The Darian Pass Is No Joke
One of the reasons for this whole ordeal was that the rainy season was unusually longer, with rains falling for five more weeks than the norm, which meant the land was full of thick and sticky mud. The other reason is that the area is pretty much inhospitable, with only a handful of local tribes carrying on with their lives unhindered by the modern world. Well, until the British reached them, that is.
Some parts of the Darien Gap are crossed by fast flowing rivers, so the Expedition had sets of specially-made, aluminium ladders that were used as bridges to cross ravenes. They were also used as platforms atop the inflatable Avon rafts to cross rivers and other water obstacles.
And one such river crossing almost took one of the vehicles out of the game. While the first Range Rover crossed the water without issues in the evening, the second Rover was a little behind and had to be brought over the next morning. The problem was that during that night, a short but heavy rain made the small river much more fast flowing.
But even so, the team decided not to use the rafts, and officer Thompson nearly made it to the other side, when suddenly water started flowing over the hood. The engine was switched off, and the vehicle became a four-wheeled dam that raised the water above the roof.
It was almost a disaster, but after several attempts, the crew managed to rescue the Range Rover using a hand driven winch, slowly dragging the car to safety.
As you can imagine, a complete bath isn’t exactly beneficial for a car, so the men pumped all the water out of the cylinders and every oil was flushed several times. After all this, the only thing that didn’t work was the radio. Talk about reliability, right?

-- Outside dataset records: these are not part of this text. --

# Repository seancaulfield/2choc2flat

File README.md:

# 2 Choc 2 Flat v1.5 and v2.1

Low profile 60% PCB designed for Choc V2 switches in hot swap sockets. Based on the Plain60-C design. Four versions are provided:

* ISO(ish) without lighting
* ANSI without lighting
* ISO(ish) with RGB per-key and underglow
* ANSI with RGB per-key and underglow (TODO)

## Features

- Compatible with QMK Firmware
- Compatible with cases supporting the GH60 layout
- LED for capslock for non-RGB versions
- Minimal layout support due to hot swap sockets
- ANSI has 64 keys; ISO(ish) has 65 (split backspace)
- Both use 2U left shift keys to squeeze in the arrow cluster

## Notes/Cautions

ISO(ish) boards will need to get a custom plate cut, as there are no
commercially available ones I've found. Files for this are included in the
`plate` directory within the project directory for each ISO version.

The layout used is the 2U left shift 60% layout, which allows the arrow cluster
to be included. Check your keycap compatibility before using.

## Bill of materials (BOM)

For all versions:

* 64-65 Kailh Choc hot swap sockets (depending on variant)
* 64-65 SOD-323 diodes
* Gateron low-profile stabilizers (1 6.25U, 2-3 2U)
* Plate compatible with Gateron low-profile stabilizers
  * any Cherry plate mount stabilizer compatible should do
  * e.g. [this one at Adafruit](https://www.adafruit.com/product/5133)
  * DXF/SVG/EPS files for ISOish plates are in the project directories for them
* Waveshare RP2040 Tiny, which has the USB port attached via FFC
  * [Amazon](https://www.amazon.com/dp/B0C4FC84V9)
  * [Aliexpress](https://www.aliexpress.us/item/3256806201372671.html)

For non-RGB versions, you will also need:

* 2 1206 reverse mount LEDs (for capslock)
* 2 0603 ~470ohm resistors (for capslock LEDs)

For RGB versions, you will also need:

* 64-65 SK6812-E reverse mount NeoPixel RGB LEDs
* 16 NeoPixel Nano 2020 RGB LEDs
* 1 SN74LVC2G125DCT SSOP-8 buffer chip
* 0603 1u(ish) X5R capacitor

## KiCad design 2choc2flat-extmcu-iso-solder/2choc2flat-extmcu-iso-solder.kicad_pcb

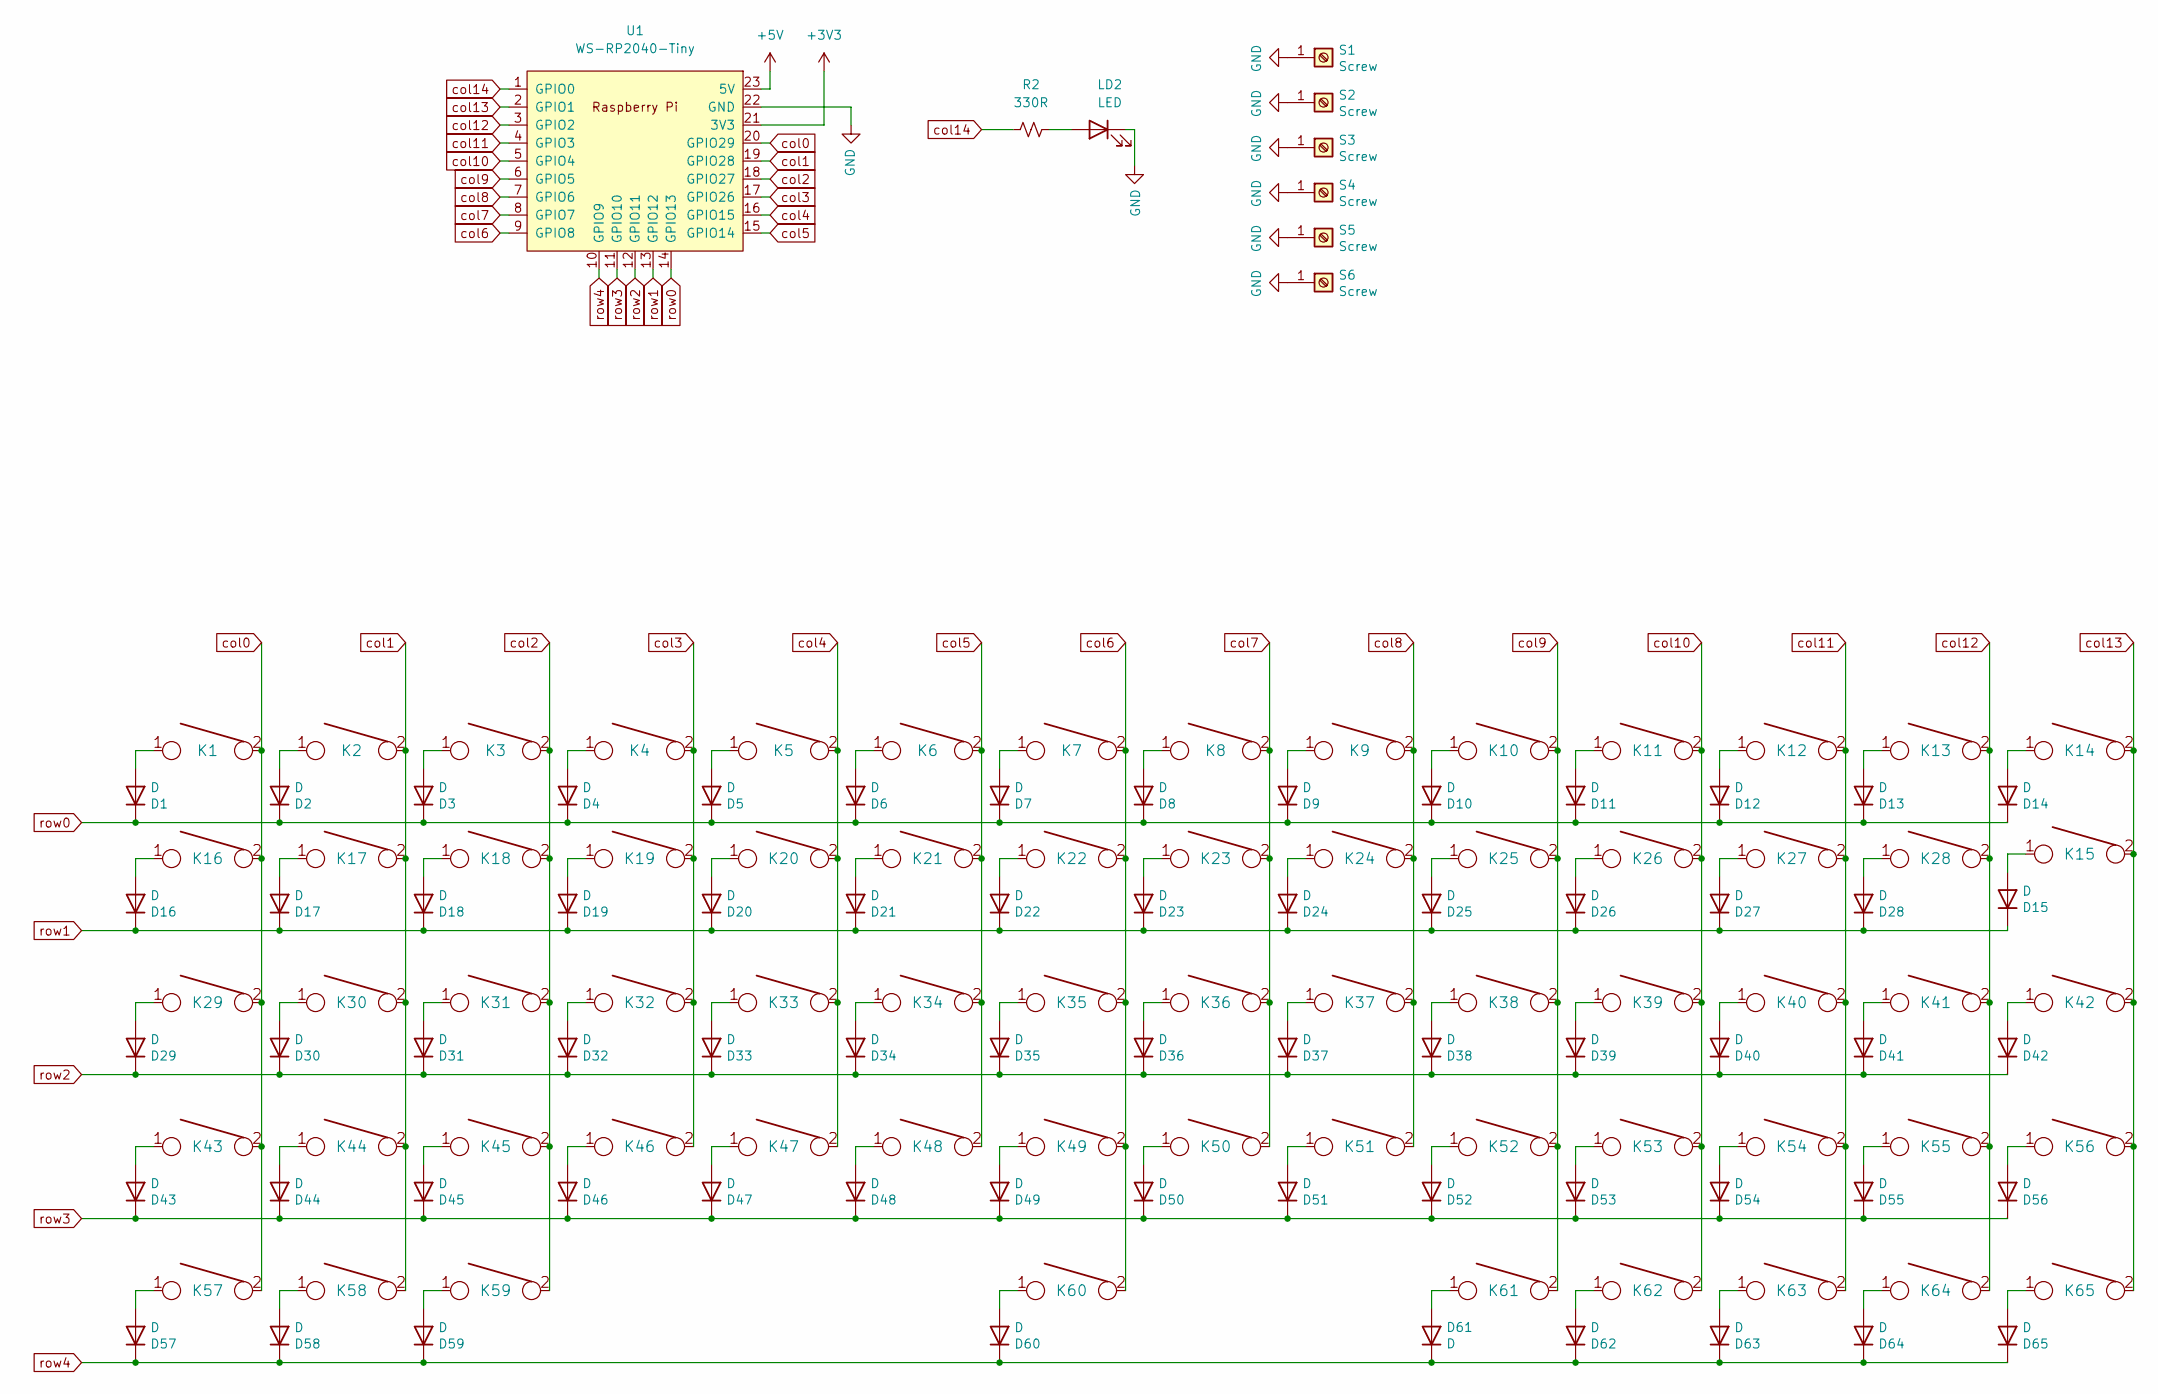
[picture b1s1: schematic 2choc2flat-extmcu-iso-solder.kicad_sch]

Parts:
D1, D2, D3, D4, D5, D6, D7, D8, D9, D10, D11, D12, D13, D14, D15, D16, D17, D18, D19, D20, D21, D22, D23, D24, D25, D26, D27, D28, D29, D30, D31, D32, D33, D34, D35, D36, D37, D38, D39, D40, D41, D42, D43, D44, D45, D46, D47, D48, D49, D50, D51, D52, D53, D54, D55, D56, D57, D58, D59, D60, D61, D62, D63, D64, D65: D; D_SOD-323_HandSoldering
K1, K2, K3, K4, K5, K6, K7, K8, K9, K10, K11, K12, K13, K14, K15, K17, K18, K19, K20, K21, K22, K23, K24, K25, K26, K27, K28, K30, K31, K32, K33, K34, K35, K36, K37, K38, K39, K40, K41, K44, K45, K46, K47, K48, K49, K50, K51, K52, K53, K54, K55, K56, K61, K62, K63, K64, K65: KEYSW; SW_Soldered_Kailh_Choc_V2_1.00u
K16: KEYSW; SW_Soldered_Kailh_Choc_V2_1.50u
K29: KEYSW; SW_Soldered_Kailh_Choc_V2_1.75u
K42: KEYSW; SW_Soldered_Kailh_Choc_V2_ISOEnter_West_Gateron_LP_Stabs
K43: KEYSW; SW_Soldered_Kailh_Choc_V2_2.00u_0deg_Gateron_LP_Stabs
K57, K58, K59: KEYSW; SW_Soldered_Kailh_Choc_V2_1.25u
K60: KEYSW; SW_Soldered_Kailh_Choc_V2_6.25u
LD2: LED; LED_1206_3216Metric_ReverseMount_Hole1.8x2.4mm
R2: 330R; R_0603_1608Metric
S1, S2, S6: Screw; 3_5x2.5mm
S3: Screw; MountingHole_2.2mm_M2_Pad_TopOnly
S4, S5: Screw; 8x3.5_7x2.5mm
U1: WS-RP2040-Tiny; WAVESHARE_RP2040_TINY_SLIM

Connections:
+3V3: U1.21 (3V3)
+5V: U1.23 (5V)
GND: LD2.1 (K), S1.1, S2.1, S3.1, S4.1, S5.1, S6.1, U1.22 (GND)
unnamed: D1.2 (A), K1.1
unnamed: D2.2 (A), K2.1
unnamed: D3.2 (A), K3.1
unnamed: D4.2 (A), K4.1
unnamed: D5.2 (A), K5.1
unnamed: D6.2 (A), K6.1
unnamed: D7.2 (A), K7.1
unnamed: D8.2 (A), K8.1
unnamed: D9.2 (A), K9.1
unnamed: D10.2 (A), K10.1
unnamed: D11.2 (A), K11.1
unnamed: D12.2 (A), K12.1
unnamed: D13.2 (A), K13.1
unnamed: D14.2 (A), K14.1
unnamed: D15.2 (A), K15.1
unnamed: D16.2 (A), K16.1
unnamed: D17.2 (A), K17.1
unnamed: D18.2 (A), K18.1
unnamed: D19.2 (A), K19.1
unnamed: D20.2 (A), K20.1
unnamed: D21.2 (A), K21.1
unnamed: D22.2 (A), K22.1
unnamed: D23.2 (A), K23.1
unnamed: D24.2 (A), K24.1
unnamed: D25.2 (A), K25.1
unnamed: D26.2 (A), K26.1
unnamed: D27.2 (A), K27.1
unnamed: D28.2 (A), K28.1
unnamed: D29.2 (A), K29.1
unnamed: D30.2 (A), K30.1
unnamed: D31.2 (A), K31.1
unnamed: D32.2 (A), K32.1
unnamed: D33.2 (A), K33.1
unnamed: D34.2 (A), K34.1
unnamed: D35.2 (A), K35.1
unnamed: D36.2 (A), K36.1
unnamed: D37.2 (A), K37.1
unnamed: D38.2 (A), K38.1
unnamed: D39.2 (A), K39.1
unnamed: D40.2 (A), K40.1
unnamed: D41.2 (A), K41.1
unnamed: D42.2 (A), K42.1
unnamed: D43.2 (A), K43.1
unnamed: D44.2 (A), K44.1
unnamed: D45.2 (A), K45.1
unnamed: D46.2 (A), K46.1
unnamed: D47.2 (A), K47.1
unnamed: D48.2 (A), K48.1
unnamed: D49.2 (A), K49.1
unnamed: D50.2 (A), K50.1
unnamed: D51.2 (A), K51.1
unnamed: D52.2 (A), K52.1
unnamed: D53.2 (A), K53.1
unnamed: D54.2 (A), K54.1
unnamed: D55.2 (A), K55.1
unnamed: D56.2 (A), K56.1
unnamed: D57.2 (A), K57.1
unnamed: D58.2 (A), K58.1
unnamed: D59.2 (A), K59.1
unnamed: D60.2 (A), K60.1
unnamed: D61.2 (A), K61.1
unnamed: D62.2 (A), K62.1
unnamed: D63.2 (A), K63.1
unnamed: D64.2 (A), K64.1
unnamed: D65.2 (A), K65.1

Of course, none of this could have been possible without air support. Everything from oil, fuel, food, beer and cigarettes was air-dropped in the middle of the jungle. And now for those tires and differentials I mentioned at the beginning. You see, both Range Rovers were fitted with Firestone Super All-Traction swamp tires that were taller than the standard-fitted ones - so tall, in fact, that the expedition cars had removable wing panels for easier access.
The problem was that the tread was so aggressive that mud filled it almost instantly, and the extra weight of the wheels and mud led to the failure of not one, not two, but three differentials. The fact that the wrong gear oil was inside the axles didn’t help either, with even harder wear and excessive temperature buildup.
So after just 35 miles into the jungle, the rear diff on one of the Rovers snapped. The center differential was locked in order to provide power to the front wheels only, but with the car fully laden, the front diff broke as well. The team tried to haul the broken down Rover with the second vehicle, only to have another diff brake on this one as well. It was a disaster, but salvation came, once again, from the sky.
Officer Gavin Thompson, who was in charge of driving the vehicles, was flown out of the jungle to get in contact with Land Rover’s transmission expert to come up with a solution. So the Brits recreated the same conditions at Solihull in the UK and drove a Range Rover until its diff went out. The conclusion was that there was too much weight for the differentials to cope with when the big tires spun in the mud.
With this newly acquired knowledge and a load of new parts, Geoff Miller from Land Rover was flown into the Darien jungle, where the broken axles were replaced, the weight per vehicle was reduced, and the swamp tires were replaced with regular cross country ones. After this ordeal, there were no more diff problems, but it had pushed back the expedition by 26 days. Time was ticking.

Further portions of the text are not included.